MC Lars with his Kidrobot toys.
|Birth name||Andrew Robert Nielsen|
|Also known as||Lars Horris, MC Lars Horris|
|Born||October 6, 1982|
|Origin||Berkeley, California, U.S.|
|Genres||Hip hop, ska punk, emo rap, nerdcore|
|Labels||Horris Records, Nettwerk, Truck Records, Oglio Records|
Andrew Robert Nielsen (born October 6, 1982), known professionally as MC Lars, is an American rapper, cartoonist, YouTuber, game designer and podcaster. He is one of the self-proclaimed originators of "lit-hop" and was one of the first rappers to sample and reference post-punk, pop punk, and emo bands.

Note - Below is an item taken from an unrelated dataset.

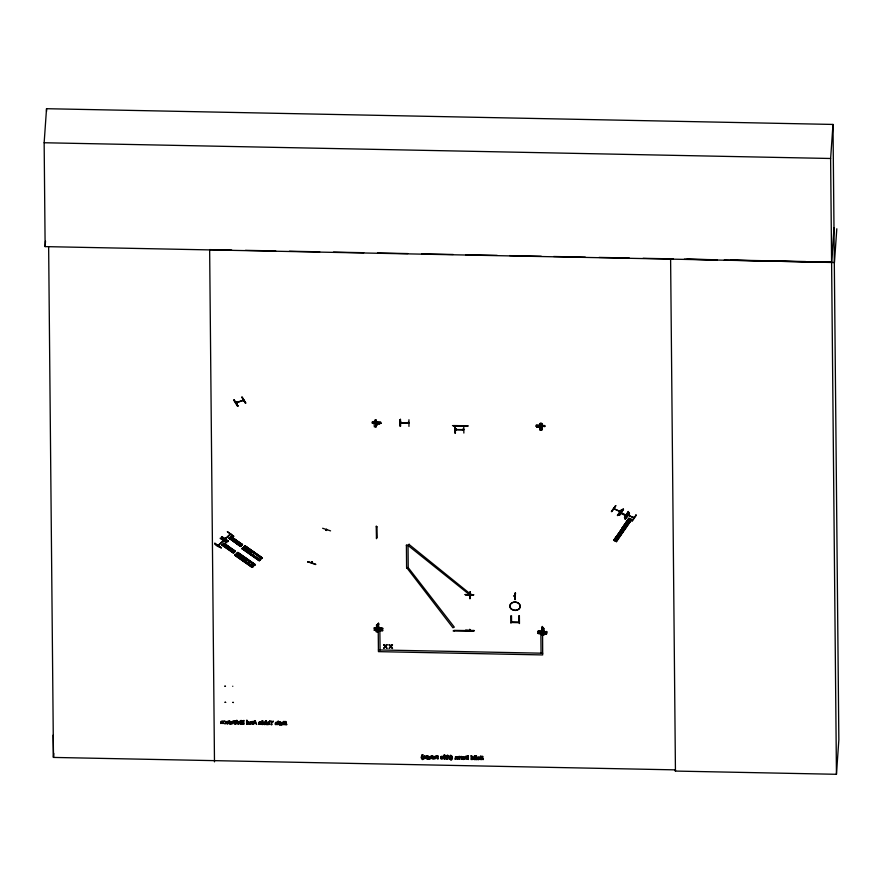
<?xml version="1.0" encoding="UTF-8"?>
<svg xmlns="http://www.w3.org/2000/svg" width="883" height="883" viewBox="0 0 883 883"><rect width="100%" height="100%" fill="white"/><g stroke="black" fill="none" stroke-linecap="round" stroke-linejoin="round"><path stroke-width="1.32" d="M374.304 630.274L382.692 630.639L382.67 628.409L374.282 627.979L374.304 630.285L382.692 630.705M374.304 627.692C373.619 629.7 383.31 630.197 382.692 628.122M546.599 633.983C525.021 630.087 549.954 638.464 546.577 631.687M538.211 631.29L546.588 632.228L546.599 631.4M465.551 630.837L473.939 631.047L473.95 630.429M465.551 630.87L465.573 630.219L473.95 630.506M473.939 630.771L465.551 630.506M376.081 426.621L374.359 426.875C373.045 416.246 378.41 418.73 375.871 426.644M375.86 426.831L376.003 419.999M376.07 426.908L376.202 420.253M379.249 423.034L379.215 423.763C371.577 422.814 382.118 424.69 378.939 422.957M378.012 631.522L376.29 631.775C377.593 610.694 378.134 645.782 377.703 625.109M376.577 625.087L376.29 631.753M378.001 631.809L378.145 624.877M381.489 628.321L378.377 628.608L378.741 626.842M380.827 628.387L378.697 628.641M381.467 628.674L381.489 628.089M540.164 426.986L536.765 426.677L540.164 426.754M537.405 426.655L537.118 426.191M539.535 426.666L539.568 426.169M541.765 430.198C539.811 413.487 545.319 432.273 540.098 430.187L540.253 423.255M540.319 430.12L540.462 423.288L540.33 429.933M539.105 631.842L542.096 631.654M542.228 630.098L542.096 631.886L539.336 631.555M543.696 635.098C541.743 618.376 547.25 637.173 542.03 635.087L542.184 628.155M542.46 635.065L542.394 628.188L542.46 635.065L543.597 635.087M378.664 627.338L378.619 628.199M542.626 627.239L542.162 627.714L542.228 626.489M542.57 630.617L542.681 654.932L378.432 651.643L378.211 628.166L379.867 627.78M236.854 402.207L236.832 403.034L236.666 402.195M540.308 426.555L540.617 428.906L540.639 426.07M457.096 756.731L456.986 759.27L457.571 758.994M834.016 227.659L831.598 262.339L45.132 246.611L44.15 142.748L46.534 108.708L833 124.437L838.85 739.899L836.444 774.292L675.329 771.069L675.318 769.866L53.466 757.426L53.135 735.142M45.132 246.611L45.508 241.158M53.742 753.376L53.466 757.426L48.642 246.567M214.889 543.122C213.189 544.734 221.589 548.442 221.324 547.548M218.598 544.634L218.807 545.186M220.286 538.144L226.721 542.57M221.909 536.621L221.589 537.184M233.454 552.946L221.942 544.69M223.112 545.517L224.933 543.873M223.896 546.058L225.706 544.414M237.946 405.86L237.516 406.29L233.763 400.231L234.205 399.811M225.077 538.398L224.999 539.038L230.364 534.072M225.452 538.045L225.275 539.149L230.562 533.774M225.066 546.886L226.876 545.241M225.573 538.045L225.761 538.696M225.772 538.729L225.794 538.2M236.026 402.516L243.487 400.231M226.114 547.603L227.924 545.97M236.147 402.394L236.125 403.222L243.653 399.944M236.776 402.229L236.821 403.001M227.284 548.431L229.094 546.787M228.046 541.566C208.101 528.089 241.754 550.65 221.898 536.632M230.904 536.411L229.083 538.177L240.485 546.511L229.094 538.056M229.768 534.623L229.845 533.972L230.165 534.712M229.988 534.778L230.22 533.63M230.397 533.575L230.187 534.127M230.264 538.884L232.074 537.239M230.618 533.729L230.584 534.314M231.048 539.425L232.858 537.78M232.218 540.253L234.028 538.608M242.814 399.922L242.98 400.761M233.255 540.97L235.077 539.336M233.697 536.356L227.306 531.643L233.774 536.246M223.035 721.852C219.701 723.332 222.637 719.777 223.123 722.493L220.838 722.162M243.52 399.734L243.498 400.562L243.333 399.734M220.827 722.449L221.18 721.312L222.472 721.069A1.38 1.093 4 0 1 223.256 721.444L223.267 723.475L220.916 723.276M220.893 723.563L220.949 722.791M234.425 541.798L236.247 540.153M242.097 397.129L245.849 403.211L242.097 397.162M223.962 721.29L226.059 721.488L226.258 723.354A1.291 1.015 4 0 1 225.595 723.784C220.805 723.442 229.668 723.387 223.984 721.003M227.648 723.574L227.086 723.563M227.074 723.839L227.207 721.532L229.116 720.958M229.701 723.607L229.116 723.883L229.116 721.256M229.679 723.894L229.679 720.97M231.037 722.989L231.026 723.928L230.485 723.63M231.004 722.537L232.483 723.354L231.015 723.276L231.026 721.908M230.463 723.917L230.64 721.532L232.814 721.83L232.836 721.091M235.088 723.718L234.514 723.994L234.492 722.117L233.311 721.521M233.289 721.808L233.311 721.058M234.492 722.117L234.503 721.069M235.077 724.005L235.066 721.08M237.063 721.124C237.428 724.8 234.878 724.822 236.489 721.764L235.463 721.742L235.485 721.091M235.485 723.983L235.496 723.309M235.463 721.742L236.489 721.4L236.501 720.351M236.489 721.764L236.512 721.113M237.052 721.775L237.063 720.362M237.428 721.786L237.45 721.135M238.476 723.784L237.913 723.773M240.529 723.828L239.944 724.104L239.944 721.179M240.507 724.115L240.496 721.19M243.278 720.782L241.081 721.025L241.092 720.329M243.896 723.894L241.103 724.126L241.125 723.42M241.103 723.707L243.289 723.751L243.267 722.449L241.236 722.404L241.258 721.709M243.267 722.449L243.289 721.742M243.874 724.181L243.863 720.385M247.207 723.32L246.633 724.237L246.622 720.274M247.196 724.248L249.072 724.005L248.973 721.941A1.302 1.026 4 0 0 248.266 721.588A1.512 1.192 4 0 0 247.163 721.72L247.174 720.285M247.174 722.084C251.092 721.61 246.059 726.841 247.185 721.433M250.551 724.027L249.999 724.016M252.604 724.071L252.03 724.347L252.019 721.422M252.582 724.358L252.582 721.433M253.995 723.111L253.587 724.369L252.98 724.082M255.518 722.747L254.149 722.724M252.957 724.358L254.436 720.594M254.138 723L254.823 721.08M255.684 723.155L256.666 724.435L255.165 720.605M261.015 722.625L260.993 723.254C258.167 724.7 258.156 721.367 260.342 721.819A1.38 1.093 4 0 1 261.125 722.195L261.136 724.226L258.785 724.038M258.763 724.314L258.818 723.552M259.238 722.879C260.066 720.738 262.284 724.369 259.282 722.57M262.748 724.27L262.163 724.546L262.152 720.583M262.726 724.557L262.715 720.594M265.529 722.625C261.754 721.345 266.346 727.647 265.54 721.974M265.562 723.85L264.414 724.634L263.3 723.21L263.995 721.963L265.518 722.25L265.529 720.66M266.103 724.623L266.092 720.671M267.461 724.082L266.909 724.358M269.26 722.272L267.439 722.691L268.785 724.226L267.461 723.718M269.238 722.559L269.26 721.819M271.18 721.345L269.668 721.599L269.69 720.892M271.798 724.457L271.202 724.446M271.776 724.733L271.765 721.356M271.743 721.643L273.233 721.665L273.244 720.97M277.626 722.956L277.615 723.585L275.33 723.254M275.308 723.541L275.673 722.393L276.953 722.151A1.38 1.093 4 0 1 277.748 722.526L277.748 724.568L275.408 724.369M275.849 723.21C276.677 721.069 278.907 724.7 275.904 722.901M279.293 721.963L279.26 722.614C278.377 722.316 279.447 722.051 278.145 720.925M278.355 722.603L278.377 721.952M279.867 724.612L279.304 724.601M279.845 724.899L279.745 721.753L278.123 721.621M279.823 722.625L280.22 721.985M281.269 724.645L280.706 724.634M281.247 724.932L281.258 723.994M281.236 723.541L282.593 724.501L281.236 724.281L281.247 722.912L283.057 722.548M283.046 722.835L283.057 722.095M286.688 724.546L283.885 724.568L283.851 723.431L285.993 722.404L283.796 722.184L283.818 721.345M283.796 721.632L285.706 721.51A1.413 1.115 4 0 1 286.368 721.897L286.324 723.089L284.26 724.06L285.253 724.667L286.633 723.961L286.666 724.822M311.71 562.339L311.666 562.835M311.898 561.908L311.71 562.846M312.284 561.952L311.964 563.067L312.008 561.864M322.637 528.266L330.562 530.86M326.743 529.314L326.39 530.495L326.136 529.756M372.361 423.134L380.739 423.432L372.361 423.134L372.35 421.964L380.728 422.251L380.739 423.432M376.169 422.968L376.765 423.785L376.732 422.791M376.434 422.78L376.423 425.617L376.831 424.69M376.423 425.617L376.401 424.679M376.445 423.708L376.489 422.979M379.535 423.774L379.558 423.189M378.255 623.928L378.321 623.21M378.101 627.868L378.056 628.597L378.73 628.144M378.332 623.497L378.255 624.424L378.719 623.95M378.321 626.82L378.332 628.188L378.244 627.316M378.608 623.221L378.619 627.769L378.277 627.316M378.377 628.608L378.421 627.879M378.443 649.932L542.703 653.21M380.871 627.857L380.827 628.729L381.18 627.934M380.076 649.954L379.833 628.199M385.396 646.731L383.641 648.387L385.01 646.632L383.63 644.59M386.401 644.645L385.33 646.29L384.271 644.601M400.452 419.326L400.441 426.202M401.423 422.493L400.518 423.112L400.672 422.262M399.966 419.602L400.032 426.257L400.518 425.981M385.374 647.018L387.129 648.464L385.728 646.389M401.257 422.273L401.224 422.769M385.705 646.676L387.074 644.667M390.838 646.842L389.072 648.497L390.452 646.742L389.061 644.7M391.842 644.756L390.772 646.4L389.701 644.711M390.816 647.129L392.56 648.575L391.158 646.499M408.034 422.482L408.089 423.277L408.884 422.493M391.136 646.786L392.505 644.767M408.089 423.277L408.123 422.416M408.708 422.427L408.674 423.288L400.551 423.056M408.961 426.39L408.939 419.745M406.864 567.835L452.924 627.78L454.304 627.129L408.211 567.603L406.588 567.57L406.401 544.966M406.831 568.255L408.211 567.603L408.034 544.999M406.379 545.396L408.001 545.429L409.182 544.105M422.913 759.248L422.217 759.546L421.103 757.548L422.195 754.612M422.902 759.557L421.61 757.206L422.869 754.623M425.573 756.742L425.562 757.371C422.725 758.817 422.714 755.484 424.9 755.936A1.38 1.093 4 0 1 425.694 756.312C427.725 758.111 423.145 759.932 423.376 757.669M423.796 756.996C424.591 754.855 426.93 758.464 423.818 756.709M429.215 759.314L426.93 759.17L426.71 755.738M427.262 756.51C431.169 756.058 426.103 761.08 427.24 755.749M429.215 758.85L427.571 759.159L427.295 757.669M430.639 758.453L430.076 758.442M430.065 758.729L430.198 756.422L432.107 755.848M432.692 758.497L432.107 758.773L432.107 756.146M432.67 758.784L432.67 755.859M455.573 428.939L455.54 429.811L455.485 429.006M455.396 432.946L455.297 426.025L454.933 432.935L455.418 432.659M456.334 429.028L456.125 429.822L456.158 428.95M434.028 757.879L434.017 758.806L433.476 758.508M433.995 757.426L435.518 758.044L434.006 758.155C432.858 755.55 436.147 757.471 435.827 755.98M438.078 758.607L437.504 758.872L437.482 757.007L436.301 756.411M436.279 756.698L436.301 755.947M437.482 757.007L437.493 755.958M438.067 758.883L438.056 755.969M462.835 429.293L462.99 429.955L463.023 429.094M442.836 757.084L442.825 757.713C439.988 759.17 439.977 755.837 442.162 756.29A1.38 1.093 4 0 1 442.957 756.654C444.988 758.453 440.407 760.274 440.639 758.011M463.785 429.171L463.575 429.966L463.608 429.105M463.718 426.456L463.862 433.067M441.059 757.338C441.886 755.197 444.116 758.839 441.114 757.029M444.568 758.74L443.994 759.005L443.972 755.053M444.546 759.016L444.535 755.064M445.893 756.124L445.86 756.775C444.977 756.466 446.047 756.212 444.734 755.086M444.955 756.753L444.966 756.102M446.456 758.773L445.904 758.762M446.445 759.06L446.434 756.135M446.423 756.786L446.809 756.146M447.902 755.263L447.251 755.991L447.273 755.252M447.902 758.806L447.317 759.071L447.273 755.716M447.88 759.082L447.913 755.727M450.109 758.85L449.524 759.115C450.948 756.654 447.99 757.603 448.321 756.19M449.513 757.25L449.524 756.201M450.087 759.126L450.076 756.212M450.672 755.495L451.831 755.991L452.493 757.824L451.853 759.634L450.716 760.12L451.743 758.872A3.731 2.958 4 0 0 451.964 757.813L451.71 756.742A3.951 3.124 4 0 0 451.136 755.903L450.694 755.186M455.683 758.961L455.12 758.95M469.292 594.48L469.259 595.716L469.204 594.623M469.59 594.491L469.557 595.727L469.259 594.976M469.557 595.727L469.679 594.634M408.001 545.429L469.888 594.976M470.153 598.365L469.668 598.641L470.142 591.72M459.458 759.038L458.873 759.303L458.873 756.389M470.341 594.645L470.308 595.517L470.253 594.723M459.436 759.314L459.425 756.4M471.092 594.877L470.882 595.528L471.025 594.082M461.654 759.071L461.069 759.347L461.058 757.482L459.866 756.886M459.844 757.161L459.866 756.422M469.635 629.436L469.601 630.605L469.546 629.513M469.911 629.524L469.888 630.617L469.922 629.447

He has recorded for Truck Records in the UK, Sidecho Records in the United States, Big Mouth Records in Japan, and Shock Records in Australia. He was formerly known as MC Lars Horris but changed his pseudonym to MC Lars in 2004 for purposes of simplicity.
In 2006, Lars worked with the Canadian independent record label Nettwerk Records to release The Graduate. Following this release, Lars toured extensively throughout the US, then he toured UK and did shows in Japan, and Australia. Not long after the album was released on iTunes, Lars received an e-mail from a 15-year-old fan Elisa Greubel on his web forum saying she identified with "Download This Song" since her family was one of many being sued by the Recording Industry Association of America. This led to Nettwerk executive Terry McBride and a team of major-label artists managed by Nettwerk to support the Greubels with their case. MC Lars returned to the UK in October 2006.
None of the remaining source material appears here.